The new agreement contains a key provision that allows US cargo carriers to
establish hubs in China once specific criteria are met.
"Moreover, If the market never opens up, those less competitive local
carriers will still face no true pressure to drive forward and thus have no
chance to grow up," Dong Nianqing, professor with Civil Aviation Management
Institute of China, said last week.
According to the aviation expert, by competing face to face and increasing
co-operation with foreign counterparts, Chinese airlines can improve their
service and products, and more importantly, sharpen their sales and marketing
expertise.
Nowadays, some local air firms would rather leave seats vacant, but do not
sell them at flexible prices before taking-off.
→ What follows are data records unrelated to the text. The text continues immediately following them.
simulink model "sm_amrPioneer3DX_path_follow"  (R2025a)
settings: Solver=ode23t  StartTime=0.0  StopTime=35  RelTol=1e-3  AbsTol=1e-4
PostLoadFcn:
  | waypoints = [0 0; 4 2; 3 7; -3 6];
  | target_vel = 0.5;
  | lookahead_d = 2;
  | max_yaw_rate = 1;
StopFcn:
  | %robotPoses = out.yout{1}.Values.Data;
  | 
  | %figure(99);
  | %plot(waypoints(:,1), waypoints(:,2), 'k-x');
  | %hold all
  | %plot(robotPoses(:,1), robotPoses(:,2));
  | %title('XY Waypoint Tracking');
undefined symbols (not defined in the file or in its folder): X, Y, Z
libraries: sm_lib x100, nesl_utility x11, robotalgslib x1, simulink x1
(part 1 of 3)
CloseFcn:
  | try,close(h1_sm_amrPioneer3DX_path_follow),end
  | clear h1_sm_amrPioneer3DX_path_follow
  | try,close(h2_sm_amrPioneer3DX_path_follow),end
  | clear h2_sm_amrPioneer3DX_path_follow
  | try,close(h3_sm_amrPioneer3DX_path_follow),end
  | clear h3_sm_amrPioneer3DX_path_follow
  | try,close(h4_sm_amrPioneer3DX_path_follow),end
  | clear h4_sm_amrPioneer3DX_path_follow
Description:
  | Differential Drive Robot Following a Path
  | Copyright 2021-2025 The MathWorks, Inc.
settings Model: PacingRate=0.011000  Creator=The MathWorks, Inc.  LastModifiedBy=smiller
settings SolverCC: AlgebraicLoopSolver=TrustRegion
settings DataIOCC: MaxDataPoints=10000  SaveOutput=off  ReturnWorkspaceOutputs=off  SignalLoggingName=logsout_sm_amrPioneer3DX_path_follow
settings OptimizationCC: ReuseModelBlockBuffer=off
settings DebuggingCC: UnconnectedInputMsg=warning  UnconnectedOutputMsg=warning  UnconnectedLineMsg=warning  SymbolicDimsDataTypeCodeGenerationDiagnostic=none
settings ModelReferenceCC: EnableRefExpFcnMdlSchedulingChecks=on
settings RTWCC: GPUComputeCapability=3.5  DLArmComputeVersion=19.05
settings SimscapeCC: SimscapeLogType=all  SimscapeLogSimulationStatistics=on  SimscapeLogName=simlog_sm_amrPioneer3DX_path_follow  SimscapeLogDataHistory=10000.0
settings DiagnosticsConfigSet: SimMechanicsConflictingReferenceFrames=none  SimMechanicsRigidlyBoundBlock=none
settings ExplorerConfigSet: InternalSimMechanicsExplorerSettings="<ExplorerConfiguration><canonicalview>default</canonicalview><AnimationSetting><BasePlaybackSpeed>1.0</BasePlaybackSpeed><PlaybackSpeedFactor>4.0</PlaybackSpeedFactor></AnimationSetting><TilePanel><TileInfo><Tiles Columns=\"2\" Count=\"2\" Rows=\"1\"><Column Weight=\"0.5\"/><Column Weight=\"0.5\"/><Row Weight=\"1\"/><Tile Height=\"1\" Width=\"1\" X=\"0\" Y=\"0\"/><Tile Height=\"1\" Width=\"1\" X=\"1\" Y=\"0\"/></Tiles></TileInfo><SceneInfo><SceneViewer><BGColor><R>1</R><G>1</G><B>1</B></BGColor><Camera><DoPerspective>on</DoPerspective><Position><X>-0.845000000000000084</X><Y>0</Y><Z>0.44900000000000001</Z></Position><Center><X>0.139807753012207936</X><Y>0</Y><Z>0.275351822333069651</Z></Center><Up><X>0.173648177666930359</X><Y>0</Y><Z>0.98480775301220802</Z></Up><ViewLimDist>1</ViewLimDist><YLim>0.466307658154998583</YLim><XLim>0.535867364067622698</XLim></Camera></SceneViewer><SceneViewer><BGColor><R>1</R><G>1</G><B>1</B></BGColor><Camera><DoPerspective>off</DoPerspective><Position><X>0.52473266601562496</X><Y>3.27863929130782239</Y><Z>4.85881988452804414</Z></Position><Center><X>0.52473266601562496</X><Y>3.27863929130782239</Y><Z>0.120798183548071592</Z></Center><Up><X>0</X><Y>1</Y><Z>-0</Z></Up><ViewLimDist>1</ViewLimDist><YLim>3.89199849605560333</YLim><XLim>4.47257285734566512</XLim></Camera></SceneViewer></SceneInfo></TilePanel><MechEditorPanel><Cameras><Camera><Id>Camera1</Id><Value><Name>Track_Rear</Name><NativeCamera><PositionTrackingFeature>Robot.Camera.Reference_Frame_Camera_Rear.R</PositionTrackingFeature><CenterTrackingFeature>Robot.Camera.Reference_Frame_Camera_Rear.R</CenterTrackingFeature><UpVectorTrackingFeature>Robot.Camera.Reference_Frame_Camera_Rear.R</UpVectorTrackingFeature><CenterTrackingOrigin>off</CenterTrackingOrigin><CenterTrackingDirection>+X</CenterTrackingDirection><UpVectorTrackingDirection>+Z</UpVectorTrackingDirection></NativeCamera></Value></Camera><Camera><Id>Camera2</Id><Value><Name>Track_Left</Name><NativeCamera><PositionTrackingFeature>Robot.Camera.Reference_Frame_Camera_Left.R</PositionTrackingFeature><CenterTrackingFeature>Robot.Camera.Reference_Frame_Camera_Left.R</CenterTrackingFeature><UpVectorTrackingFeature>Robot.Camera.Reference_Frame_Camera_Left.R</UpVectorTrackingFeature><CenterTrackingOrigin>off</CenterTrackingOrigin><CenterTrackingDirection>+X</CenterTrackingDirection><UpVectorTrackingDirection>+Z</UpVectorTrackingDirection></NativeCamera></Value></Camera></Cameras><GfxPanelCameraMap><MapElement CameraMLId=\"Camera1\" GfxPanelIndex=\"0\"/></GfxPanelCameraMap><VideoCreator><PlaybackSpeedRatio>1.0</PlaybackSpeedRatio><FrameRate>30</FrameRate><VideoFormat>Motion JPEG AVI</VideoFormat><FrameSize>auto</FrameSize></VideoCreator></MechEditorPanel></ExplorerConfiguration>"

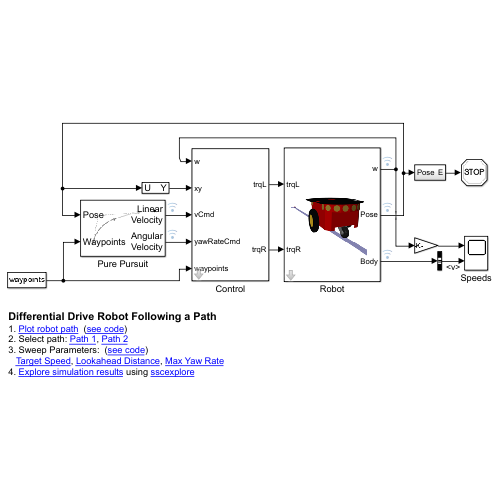
[thumbnail: Simulink's stored preview of the top-level diagram]
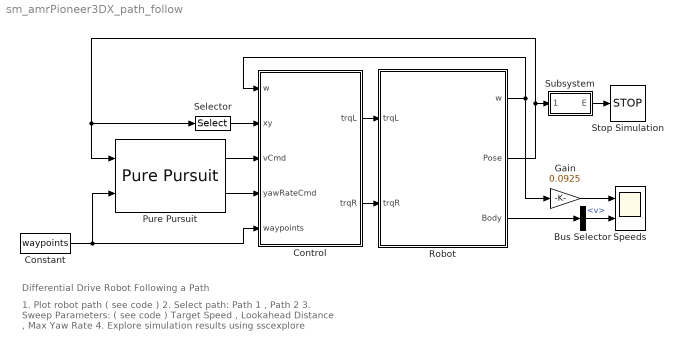
== system sm_amrPioneer3DX_path_follow ==
  note: Differential Drive Robot Following a Path
  note: 1. Plot robot path ( see code )
      | 2. Select path: Path 1 , Path 2
      | 3. Sweep Parameters: ( see code )
      | Target Speed , Lookahead Distance , Max Yaw Rate
      | 4. Explore simulation results using sscexplore
  Bus Selector : BusSelector  OutputSignals=v
  Constant : Constant  Value=waypoints
  Control : Subsystem  mask(Control for Differential Drive Robot){xTrack=0.3, rWheel=0.0925, xSlow=0.5, xStop=0.1, kp=0.8}
      mask prompts: xTrack "Robot Drive Wheel Radius (m)"; rWheel "Robot Track Width (m)"; xSlow "Distance from end to slow (m)"; xStop "Distance from end to stop (m)"; kp "Controller Proportional Gain"
      mask help: Determines torque commands for wheels based on target speed and target yaw rate of robot. As robot approaches final waypoint, speed is ramped down to 0.
  Gain : Gain  Gain=0.0925
  Pure Pursuit : robotalgslib/Pure Pursuit  DesiredLinearVelocityPort=off  DesiredLinearVelocity=target_vel  MaxAngularVelocity=max_yaw_rate  LookaheadDistancePort=off  LookaheadDistance=lookahead_d  TargetDirPort=off  SimulateUsing=Code generation
  Robot : Subsystem  mask(Differential Drive Robot){kWheel=1e4, dWheel=1e3, xtrWheel=1e-3, muk=0.9, mud=0.8, vth=1e-3, checkbox_start=on, waypoint_list=waypoints, init_xy_user=[0 0], init_orient_user=0, clr_contact_sphere=[0 1 0], opc_contact_sphere=0}
      mask prompts: kWheel "Stiffness (N/m)"; dWheel "Damping (N/(m/s))"; xtrWheel "Transition Region Width (m)"; muk "Static Friction Coefficient"; mud "Dynamic Friction Coefficient"; vth "Critical Velocity (m/s)"; checkbox_start "Start at first waypoint"; waypoint_list "Waypoints [xy] (m)"; init_xy_user "Initial Position [x y] (m)"; init_orient_user "Initial Orientation  (0 = +x) (deg)"; clr_contact_sphere "Color Contact Spheres [RGB]"; opc_contact_sphere "Opacity Contact Spheres"
      mask help: Set contact, friction, and initial pose for robot.
      mask init:
      | if (strcmp(get_param(gcb,'checkbox_start'),'on'))
      |   init_orient = atan2(waypoint_list(2,2)-waypoint_list(1,2),waypoint_list(2,1)-waypoint_list(1,1))*180/pi;
      |   init_xy = waypoint_list(1,:);
      | else
      |   init_xy     = init_xy_user;
      |   init_orient = init_orient_user;
      | end
      mask Callback checkbox_start:
      | maskObj = Simulink.Mask.get(gcb);
      | wpl_h = maskObj.getParameter('waypoint_list');
      | ixy_h = maskObj.getParameter('init_xy_user');
      | ior_h = maskObj.getParameter('init_orient_user');
      | if (strcmp(get_param(gcb,'checkbox_start'),'on'))
      |     wpl_h.Visible = 'on';
      |     ixy_h.Visible = 'off';
      |     ior_h.Visible = 'off';
      | else
      |     wpl_h.Visible = 'off';
      |     ixy_h.Visible = 'on';
      |     ior_h.Visible = 'on';
      | end
      mask DialogControl grp_whl_contact Prompt: Wheel Contact
      mask Display: image('sm_amrPioneer3DX_path_follow_robot.png')
  Selector : Selector  InputPortWidth=3  IndexOptions=Index vector (dialog)  Indices=[1 2]  OutputSizes=1
  Speeds : Scope  NumInputPorts=2
      settings: ActiveDisplayYMinimum=-0.11386  ActiveDisplayYMaximum=1.02475
  Stop Simulation : Stop
  Subsystem : Subsystem
  wires:
  Constant/1 -> Pure Pursuit/2, Control/5(waypoints)
  Robot/1(w) -> Gain/1, Control/1(w)
  Robot/2(Pose) -> Selector/1, Pure Pursuit/1, Subsystem/1(Pose)
  Gain/1 -> Speeds/1
  Robot/3(Body) -> Bus Selector/1
  Pure Pursuit/1 -> Control/3(vCmd)
  Pure Pursuit/2 -> Control/4(yawRateCmd)
  Control/1(trqL) -> Robot/1(trqL)
  Control/2(trqR) -> Robot/2(trqR)
  Selector/1 -> Control/2(xy)
  Subsystem/1(E) -> Stop Simulation/1
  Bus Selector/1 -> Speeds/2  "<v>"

"Adopting flexible pricing mechanism, stringent cost-control system and
adjustable marketing strategy is key to success for major local carriers," Dong
suggested.
However, since the domestic aviation market is far from mature, lacking
enough and effective laws and regulations to govern and address all aspects of
the industry, it will be hard for carriers to follow the example of their
overseas counterparts.
"Take the pricing as an example, a vicious price war will be unavoidable once
the authority totally relax it controls," Dong added.
Open attitude
Ren Shengli, a senior press official with Air China, China's flag carrier,
said the airline will embrace the opening of the Sino-US aviation market with an
open mind.
"We acknowledge the distance between us and global giants. But the opening of
the market will be an avoidable trend. We will deal with both these challenges
and chances with a positive attitude and actions," Ren stressed.
"After all, the market opening also give us chance to step out and strive to
expand," Ren said.
The market-liberalizing Sino-US agreement was reached in Washington last
month after four rounds of talks starting last February.
The last agreement to expand US-China air services was concluded in April
1999, when each country's carriers were allowed to increase their weekly flights
from 27 to 54, and each side was allowed to designate one additional airline,
for a total of four, to serve the market.
Nowadays, four local carriers -- Air China, China Southern Airlines, China
Eastern Airlines and China Cargo Airlines, are flying only 48 flights per week
on the Sino-US route.
The new agreement will allow five additional airlines from each country to
serve the US-China market.
The United States may name one additional all-cargo airline, while China may
name either a passenger or cargo airline, to start a service later this year.
The other four new-entrant airlines may be either passenger or cargo
carriers, with one new carrier entering the market in 2005, 2006, 2008 and 2010.
The agreement also will allow for an additional 195 weekly flights from each
side -- 111 by all-cargo carriers and 84 by passenger airlines -- resulting in a
total of 249 weekly flights at the end of a six-year phase-in period.
"This agreement recognizes the critical role of commercial aviation in the
rapidly growing US-China trade relationship," Norman Mineta, secretary of the US
Transportation Department said.
"This agreement represents a giant step forward in creating an international
air transportation system that meets the needs of the new global marketplace."
At present, FedEx, UAL Corp's United, Northwest Airlines and UPS are the only
US carriers currently allowed to fly to China. They want to expand service into
the Chinese mainland, and other carriers, notably AMR Corp's American Airlines,
would like to begin offering services.